The Archers is a long-running radio programme that has been broadcast since 1st January 1951 and which has enthralled listeners ever since. Perhaps “enthralled” is too strong a term to use, but many people find it compulsive listening.
In 1948, the UK was emerging from World War 2, food rationing was not only still in effect but had also recently been extended while the country coped with supplying the Berlin Airlift. It was a time when farmers had lost confidence in the Ministry of Agriculture, due mainly to some idiotic ideas that civil servants had foisted on them during the war years. In Birmingham, a BBC Midlands programme assistant called Godfrey Baseley, who was more or less in charge of programmes for farming and the countryside. These included Down On The Farm, where reporters visited a farm each week in an attempt to explain agriculture to the wider general audience.
However, an important part of his job was to provide information for small farmers in order to help them to modernise and become more efficient. It wasn’t going well, mainly because of their mistrust of things official built up during the war years. So, Godfrey Baseley decided to organise lecture tours around the village halls but these were met either by non-attendance or by a lack of interest.
Eventually, he organised a meeting on 3rd June 1948 with prominent farmers and officials from the Ministry of Agriculture, in order to discuss the problem, and chaired by the Controller of BBC Midland Region. The meeting was told that food rationing could only be eased if farmers could be persuaded to change their methods. In this year, for every combine harvester in operation, there would be twenty-four horses engaged in bringing in the harvest. It was part of the BBC’s job to inform and yet the message wasn’t getting through. Did anyone have any ideas as to how to make the smaller farmers actually listen to the broadcast information? Mr Henry Burtt of Dowsby, Lincolnshire, stood up and said “What we need is a farming Dick Barton”.
Dick Barton - Special Agent was a very popular radio series that followed the adventures of the hero and his sidekick from one nail biting situation to another. You should appreciate that in 1948 radio was the primary broadcast medium, there was hardly any television coverage in the UK and hardly anything worth watching even if you did have a television set. As it was, the meeting had a laugh at the suggestion and moved on.
Godfrey Baseley continued to make his farming and gardening programmes but found that the Dick Barton idea had stuck in his mind and so, on his next visit to the Lincolnshire area decided to visit Farmer Burtt. Farmer Burtt pointed to a one hundred acres of blackcurrants and told him that if he was to discover big bud appearing in this field, he would be as horrified as Dick Barton on finding himself in a pit full of crocodiles. It set Baseley thinking and he discussed the idea with his boss who suggested he should put something down on paper.

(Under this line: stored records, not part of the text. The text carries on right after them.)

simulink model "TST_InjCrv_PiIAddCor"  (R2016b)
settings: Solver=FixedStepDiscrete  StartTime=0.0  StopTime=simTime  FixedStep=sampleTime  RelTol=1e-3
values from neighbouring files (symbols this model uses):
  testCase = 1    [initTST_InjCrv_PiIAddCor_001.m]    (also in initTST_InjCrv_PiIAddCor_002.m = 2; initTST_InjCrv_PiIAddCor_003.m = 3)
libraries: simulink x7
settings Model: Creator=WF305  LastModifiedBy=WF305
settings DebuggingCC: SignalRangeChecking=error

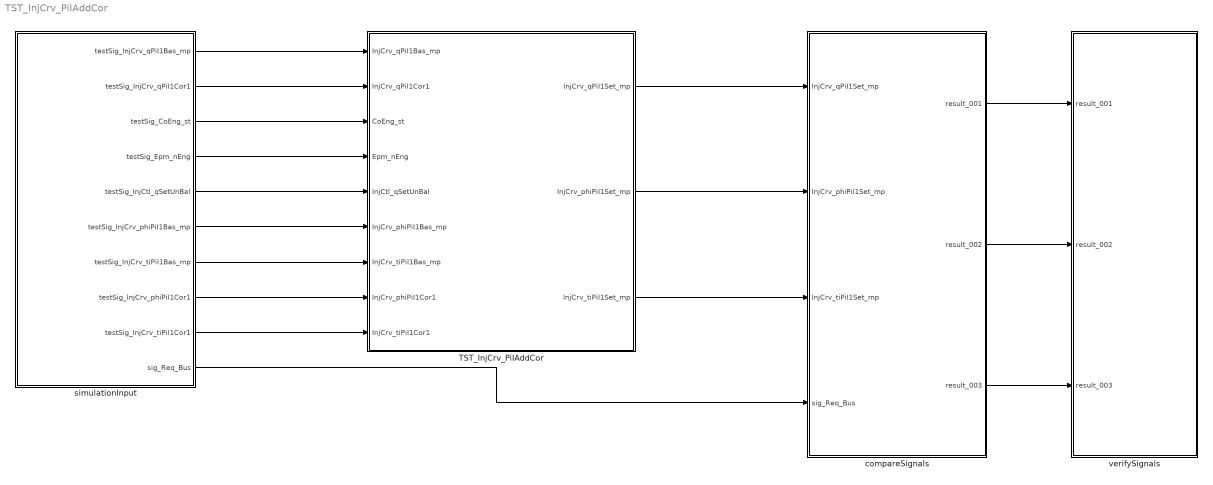
== system TST_InjCrv_PiIAddCor ==
  TST_InjCrv_PiIAddCor : Subsystem
  compareSignals : Subsystem
  simulationInput : Subsystem
  verifySignals : Subsystem
  wires:
  simulationInput/1(testSig_InjCrv_qPiI1Bas_mp) -> TST_InjCrv_PiIAddCor/1(InjCrv_qPiI1Bas_mp)
  simulationInput/2(testSig_InjCrv_qPiI1Cor1) -> TST_InjCrv_PiIAddCor/2(InjCrv_qPiI1Cor1)
  simulationInput/3(testSig_CoEng_st) -> TST_InjCrv_PiIAddCor/3(CoEng_st)
  simulationInput/4(testSig_Epm_nEng) -> TST_InjCrv_PiIAddCor/4(Epm_nEng)
  simulationInput/5(testSig_InjCtl_qSetUnBal) -> TST_InjCrv_PiIAddCor/5(InjCtl_qSetUnBal)
  simulationInput/6(testSig_InjCrv_phiPiI1Bas_mp) -> TST_InjCrv_PiIAddCor/6(InjCrv_phiPiI1Bas_mp)
  simulationInput/7(testSig_InjCrv_tiPiI1Bas_mp) -> TST_InjCrv_PiIAddCor/7(InjCrv_tiPiI1Bas_mp)
  simulationInput/8(testSig_InjCrv_phiPiI1Cor1) -> TST_InjCrv_PiIAddCor/8(InjCrv_phiPiI1Cor1)
  simulationInput/9(testSig_InjCrv_tiPiI1Cor1) -> TST_InjCrv_PiIAddCor/9(InjCrv_tiPiI1Cor1)
  TST_InjCrv_PiIAddCor/1(InjCrv_qPiI1Set_mp) -> compareSignals/1(InjCrv_qPiI1Set_mp)
  TST_InjCrv_PiIAddCor/2(InjCrv_phiPiI1Set_mp) -> compareSignals/2(InjCrv_phiPiI1Set_mp)
  TST_InjCrv_PiIAddCor/3(InjCrv_tiPiI1Set_mp) -> compareSignals/3(InjCrv_tiPiI1Set_mp)
  simulationInput/10(sig_Req_Bus) -> compareSignals/4(sig_Req_Bus)
  compareSignals/1(result_001) -> verifySignals/1(result_001)
  compareSignals/2(result_002) -> verifySignals/2(result_002)
  compareSignals/3(result_003) -> verifySignals/3(result_003)

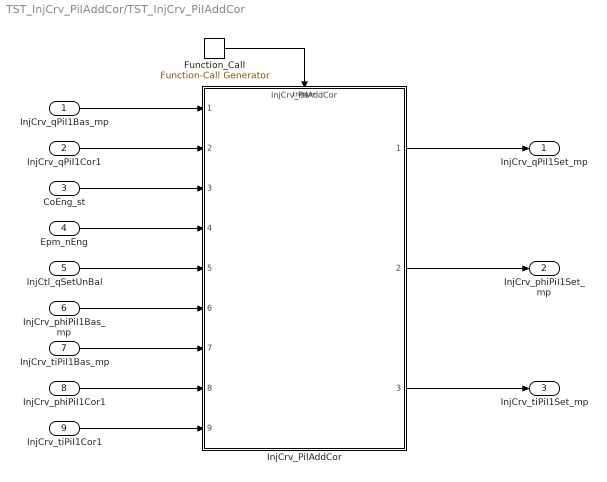
== system TST_InjCrv_PiIAddCor/TST_InjCrv_PiIAddCor ==
  InjCrv_qPiI1Bas_mp : Inport
  InjCrv_qPiI1Cor1 : Inport  Port=2
  CoEng_st : Inport  Port=3
  Epm_nEng : Inport  Port=4
  InjCtl_qSetUnBal : Inport  Port=5
  InjCrv_phiPiI1Bas_mp : Inport  Port=6
  InjCrv_tiPiI1Bas_mp : Inport  Port=7
  InjCrv_phiPiI1Cor1 : Inport  Port=8
  InjCrv_tiPiI1Cor1 : Inport  Port=9
  Function_Call : simulink/Ports & Subsystems/Function-Call Generator  sample_time=sampleTime  numberOfIterations=1
  InjCrv_PiIAddCor : ModelReference  ModelNameDialog=InjCrv_PiIAddCor  ModelReferenceVersion=1.17  TriggerPortName=function  TriggerPortTriggerType=function-call  TriggerPortStatesWhenEnabling=held
  InjCrv_qPiI1Set_mp : Outport
  InjCrv_phiPiI1Set_mp : Outport  Port=2
  InjCrv_tiPiI1Set_mp : Outport  Port=3
  wires:
  Function_Call/1 -> InjCrv_PiIAddCor/Trigger
  InjCrv_qPiI1Bas_mp/1 -> InjCrv_PiIAddCor/1
  InjCrv_qPiI1Cor1/1 -> InjCrv_PiIAddCor/2
  CoEng_st/1 -> InjCrv_PiIAddCor/3
  Epm_nEng/1 -> InjCrv_PiIAddCor/4
  InjCtl_qSetUnBal/1 -> InjCrv_PiIAddCor/5
  InjCrv_phiPiI1Bas_mp/1 -> InjCrv_PiIAddCor/6
  InjCrv_tiPiI1Bas_mp/1 -> InjCrv_PiIAddCor/7
  InjCrv_phiPiI1Cor1/1 -> InjCrv_PiIAddCor/8
  InjCrv_tiPiI1Cor1/1 -> InjCrv_PiIAddCor/9
  InjCrv_PiIAddCor/1 -> InjCrv_qPiI1Set_mp/1
  InjCrv_PiIAddCor/2 -> InjCrv_phiPiI1Set_mp/1
  InjCrv_PiIAddCor/3 -> InjCrv_tiPiI1Set_mp/1

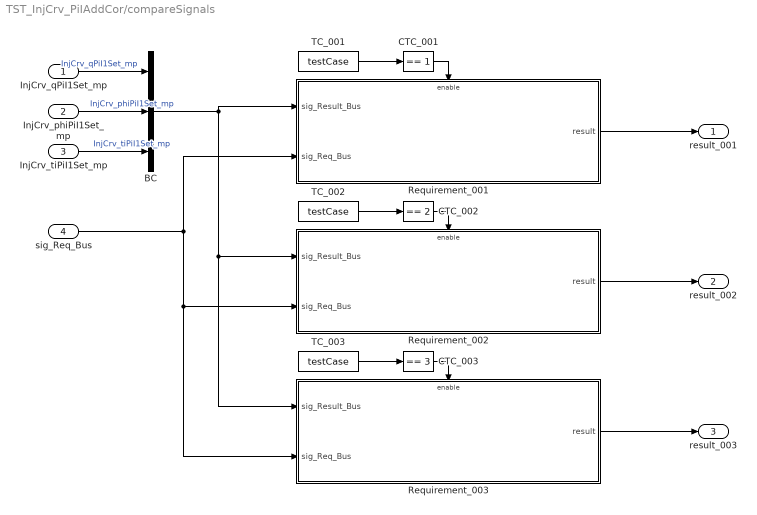
== system TST_InjCrv_PiIAddCor/compareSignals ==
  InjCrv_qPiI1Set_mp : Inport
  InjCrv_phiPiI1Set_mp : Inport  Port=2
  InjCrv_tiPiI1Set_mp : Inport  Port=3
  sig_Req_Bus : Inport  Port=4
  BC : BusCreator  Inputs=3
  CTC_001 : simulink/Logic and Bit Operations/Compare To Constant  relop===  const=1  OutDataTypeStr=boolean
  CTC_002 : simulink/Logic and Bit Operations/Compare To Constant  relop===  const=2  OutDataTypeStr=boolean
  CTC_003 : simulink/Logic and Bit Operations/Compare To Constant  relop===  const=3  OutDataTypeStr=boolean
  Requirement_001 : Subsystem
  Requirement_002 : Subsystem
  Requirement_003 : Subsystem
  TC_001 : Constant  Value=testCase
  TC_002 : Constant  Value=testCase
  TC_003 : Constant  Value=testCase
  result_001 : Outport
  result_002 : Outport  Port=2
  result_003 : Outport  Port=3
  wires:
  InjCrv_qPiI1Set_mp/1 -> BC/1  "InjCrv_qPiI1Set_mp"
  InjCrv_phiPiI1Set_mp/1 -> BC/2  "InjCrv_phiPiI1Set_mp"
  InjCrv_tiPiI1Set_mp/1 -> BC/3  "InjCrv_tiPiI1Set_mp"
  TC_001/1 -> CTC_001/1
  CTC_001/1 -> Requirement_001/Enable
  sig_Req_Bus/1 -> Requirement_002/2(sig_Req_Bus), Requirement_003/2(sig_Req_Bus), Requirement_001/2(sig_Req_Bus)
  BC/1 -> Requirement_002/1(sig_Result_Bus), Requirement_003/1(sig_Result_Bus), Requirement_001/1(sig_Result_Bus)
  Requirement_001/1(result) -> result_001/1
  TC_002/1 -> CTC_002/1
  CTC_002/1 -> Requirement_002/Enable
  Requirement_002/1(result) -> result_002/1
  TC_003/1 -> CTC_003/1
  CTC_003/1 -> Requirement_003/Enable
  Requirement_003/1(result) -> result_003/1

There is no pub in Dowsby the nearest one is in the village of Rippingale and it's called the Bull.
Baseley was not a writer but tried nevertheless to come up with a script. It was done but he threw it away, only to have the script rescued from the waste bin by his secretary. He read it again, and threw it away again. He contacted one of the Dick Barton scriptwriters, Ted Mason with whom he had worked before, and arranged a meeting with him and another writer from the series, Geoffrey Webb. Baseley had drawn up a set of detailed biographies of the principle characters that he had in mind “to reflect every aspect of farming in a Midland village”. The professionals took over from there; and with some enthusiasm, because the next morning Baseley found a script marked The Archers; Episode One waiting on his desk.
He knew that his boss would want five scripts, so he had to ask the writers to come up with four more, and for free. They did so and he presented them to his boss, Denis Morris, who read them but who took the best part of a year to respond because, as it transpired, he had been trying to get the BBC in London to support the idea, without success. In the end, Morris financed the five pilot episodes from his own regional budget. It was now 1950 and, on Friday 12th May, the actors met at 6.30pm to read through the scripts. On the Saturday, they rehearsed and on the Sunday, they recorded them.
The recordings were sent to BBC programme chiefs in London but the result was that, for a range of petty political motives, they were more concerned with who had provided the money for the recordings. They decided to wait and see what the audience reaction would be when the programmes were broadcast in the Midland Region, starting on Whit Monday. Eventually, on 16th September 1950, an unenthusiastic memo arrived on Denis Morris’ desk approving a three-month run on the Light Programme.
After a lot of bargaining, Godfrey Baseley ended up with a budget of forty-seven pounds per week and on Thursday 28th December 1950, a programme called Announcing The Archers was broadcast with Baseley visiting Brookfield Farm and talking with the Archer family, discovering Phil Archer and Grace Fairbrother canoodling behind a haystack and giving an introduction to the village and its residents.
On 1st January 1951, at 11.45am, the nation first heard the words “The Archers. An everyday story of countryfolk”. A more detailed and interesting description of the above can be found in the book The Archers, The True Story by William Smethurst, which was re-published in 2000 with more up-to-date information.
The programme has run every weekday without break since then.